▶ _WHAT TO WORK ON_
Every line from the first record below down to the line that includes "# Not quite" must be reproduced exactly; the pictures are not.

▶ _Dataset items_
------------

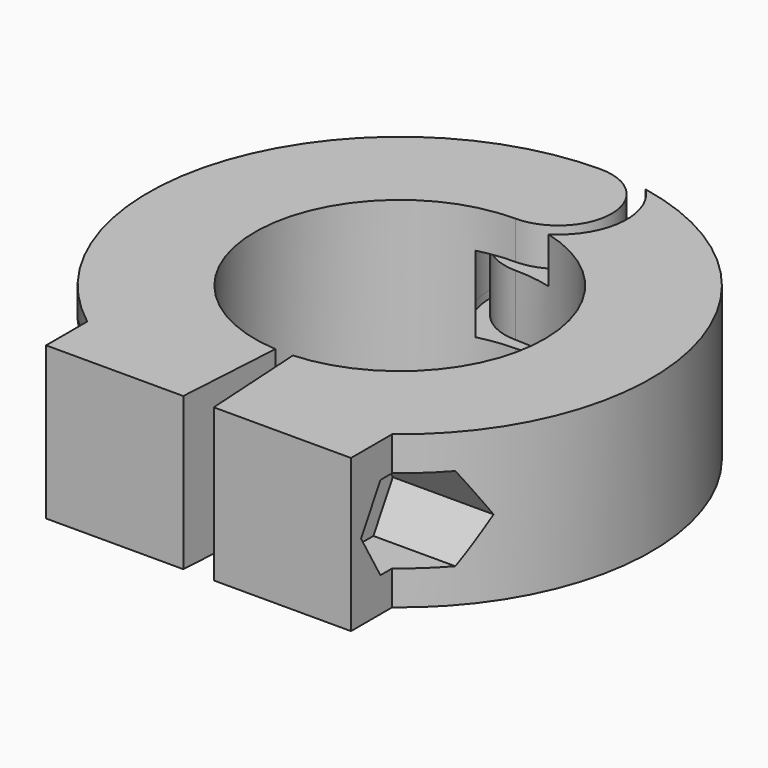
from build123d import *
from build123d import SkipClean  # not in build123d's __all__

# Parameters (mm, degrees)
F0_R           = 16.5
F0_R_2         = 9.5
F1_DEPTH       = 10
F3_DEPTH       = 2.5
F4_R           = 4.5
F4_R_2         = 1.5
F5_DEPTH       = 0.5
F7_DEPTH       = 2.5
F8_R           = 4.5
F8_R_2         = 1.5
F9_DEPTH       = 0.5
F10_R          = 2
F10_R_2        = 1.5
F11_DEPTH      = 4
F13_DEPTH      = 10
F15_DEPTH      = 10.001
F16_R          = 1.65
F17_DEPTH      = 20
F19_DEPTH      = 3
F19_DEPTH_BACK = 10
F20_R          = 3.75
F21_DEPTH      = 3
F21_DEPTH_BACK = 25


# Not quite as in the source:
# - after a boolean that leaves OpenCascade's solid faulty, fix() repairs it
# - a feature names something its author has since deleted; it is built from what else it names


with BuildPart() as f1:
    # F0 (on Top) → F1 (new body)
    with BuildSketch(Plane.XY):
        Circle(F0_R)
        Circle(F0_R_2, mode=Mode.SUBTRACT)
    extrude(amount=F1_DEPTH)

    # F2 (on face) → F3 (cut)
    with BuildSketch(Plane.XY.offset(10)):
        with BuildLine():
            ThreePointArc((0, 16.5), (3.5, 13), (0, 9.5))
            Line((0, 9.5), (0, 8.5))
            ThreePointArc((0, 8.5), (4.5, 13), (0, 17.5))
            Line((0, 17.5), (0, 16.5))
        make_face()
    extrude(amount=-F3_DEPTH, mode=Mode.SUBTRACT)

    # F4 (on face) → F5 (cut)
    with BuildSketch(Plane.XY.offset(7.5)):
        with Locations((0, 13)):
            Circle(F4_R)
        with Locations((0, 13)):
            Circle(F4_R_2, mode=Mode.SUBTRACT)
    extrude(amount=-F5_DEPTH, mode=Mode.SUBTRACT)

    # F6 (on face) → F7 (cut)
    with BuildSketch(Plane(origin=(0, 0, 0), x_dir=(1, 0, 0), z_dir=(0, 0, -1))):
        with BuildLine():
            ThreePointArc((0, -9.5), (3.5, -13), (0, -16.5))
            Line((0, -16.5), (0, -17.5))
            ThreePointArc((0, -17.5), (4.5, -13), (0, -8.5))
            Line((0, -8.5), (0, -9.5))
        make_face()
    extrude(amount=-F7_DEPTH, mode=Mode.SUBTRACT)

    # F8 (on face) → F9 (cut)
    with BuildSketch(Plane(origin=(0, 0, 2.5), x_dir=(1, 0, 0), z_dir=(0, 0, -1))):
        with Locations((0, -13)):
            Circle(F8_R)
        with Locations((0, -13)):
            Circle(F8_R_2, mode=Mode.SUBTRACT)
    extrude(amount=-F9_DEPTH, mode=Mode.SUBTRACT)

    # F10 (on face) → F11 (cut, through all)
    with BuildSketch(Plane(origin=(0, 0, 3), x_dir=(1, 0, 0), z_dir=(0, 0, -1))):
        with BuildLine():
            ThreePointArc((0, -16.5), (-3.5, -13), (0, -9.5))
            ThreePointArc((0, -9.5), (-1.2089410497, -9.4227629461), (-2.3982241951, -9.1923076923))
            ThreePointArc((-2.3982241951, -9.1923076923), (-4.472783282, -12.5058242088), (-3.171619712, -16.1923076923))
            ThreePointArc((-3.171619712, -16.1923076923), (-1.5932550136, -16.4228967744), (0, -16.5))
        make_face()
        with Locations((0, -13)):
            Circle(F10_R)
        with Locations((0, -13)):
            Circle(F10_R_2, mode=Mode.SUBTRACT)
    with SkipClean():  # cleaning this boolean's faces spoils the solid; the shape is the same uncleaned
        extrude(amount=-F11_DEPTH, mode=Mode.SUBTRACT)

    # F12 (on face) → F13 (join, through all)
    with BuildSketch(Plane.XY.offset(10)):
        with BuildLine():
            Line((-10, -13.1244047484), (-10, -16.5))
            Line((-10, -16.5), (0, -16.5))
            ThreePointArc((0, -16.5), (-5.2771830389, -15.6333406275), (-10, -13.1244047484))
        make_face()
        with BuildLine():
            ThreePointArc((10, -13.1244047484), (5.2771830389, -15.6333406275), (0, -16.5))
            Line((0, -16.5), (10, -16.5))
            Line((10, -16.5), (10, -13.1244047484))
        make_face()
    extrude(amount=-F13_DEPTH)

    add(f1.part.fix(), mode=Mode.REPLACE)

    # F14 (on face) → F15 (cut, through all)
    with BuildSketch(Plane.XY.offset(10)):
        Polygon((1, -16.5), (0, 0), (-1, -16.5), align=None)
    extrude(amount=-F15_DEPTH, mode=Mode.SUBTRACT)

    # F16 (on face) → F17 (cut, through all)
    with BuildSketch(Plane(origin=(-10, 0, 0), x_dir=(0, -1, 0), z_dir=(-1, 0, 0))):
        with Locations((12.5, 5)):
            Circle(F16_R)
    extrude(amount=-F17_DEPTH, mode=Mode.SUBTRACT)

    # F18 (on face) → F19 (cut, two sides)
    with BuildSketch(Plane.YZ.offset(10)) as f19_sk:
        Polygon((-10.9122867597, 2.25), (-9.3245735195, 5), (-10.9122867597, 7.75), (-14.0877132403, 7.75), (-15.6754264805, 5), (-14.0877132403, 2.25), align=None)
    extrude(amount=-F19_DEPTH, mode=Mode.SUBTRACT)
    extrude(f19_sk.sketch, amount=F19_DEPTH_BACK, mode=Mode.SUBTRACT)

    # F20 (on face) → F21 (cut, two sides)
    with BuildSketch(Plane(origin=(-10, 0, 0), x_dir=(0, -1, 0), z_dir=(-1, 0, 0))) as f21_sk:
        with Locations((12.5, 5)):
            Circle(F20_R)
    extrude(amount=-F21_DEPTH, mode=Mode.SUBTRACT)
    extrude(f21_sk.sketch, amount=F21_DEPTH_BACK, mode=Mode.SUBTRACT)


solid = f1.part

------------

▶ _ANSWER BOX_
from build123d import *
from build123d import SkipClean  # not in build123d's __all__

# Parameters (mm, degrees)
F0_R           = 16.5
F0_R_2         = 9.5
F1_DEPTH       = 10
F3_DEPTH       = 2.5
F4_R           = 4.5
F4_R_2         = 1.5
F5_DEPTH       = 0.5
F7_DEPTH       = 2.5
F8_R           = 4.5
F8_R_2         = 1.5
F9_DEPTH       = 0.5
F10_R          = 2
F10_R_2        = 1.5
F11_DEPTH      = 4
F13_DEPTH      = 10
F15_DEPTH      = 10.001
F16_R          = 1.65
F17_DEPTH      = 20
F19_DEPTH      = 3
F19_DEPTH_BACK = 10
F20_R          = 3.75
F21_DEPTH      = 3
F21_DEPTH_BACK = 25


# Not quite as in the source:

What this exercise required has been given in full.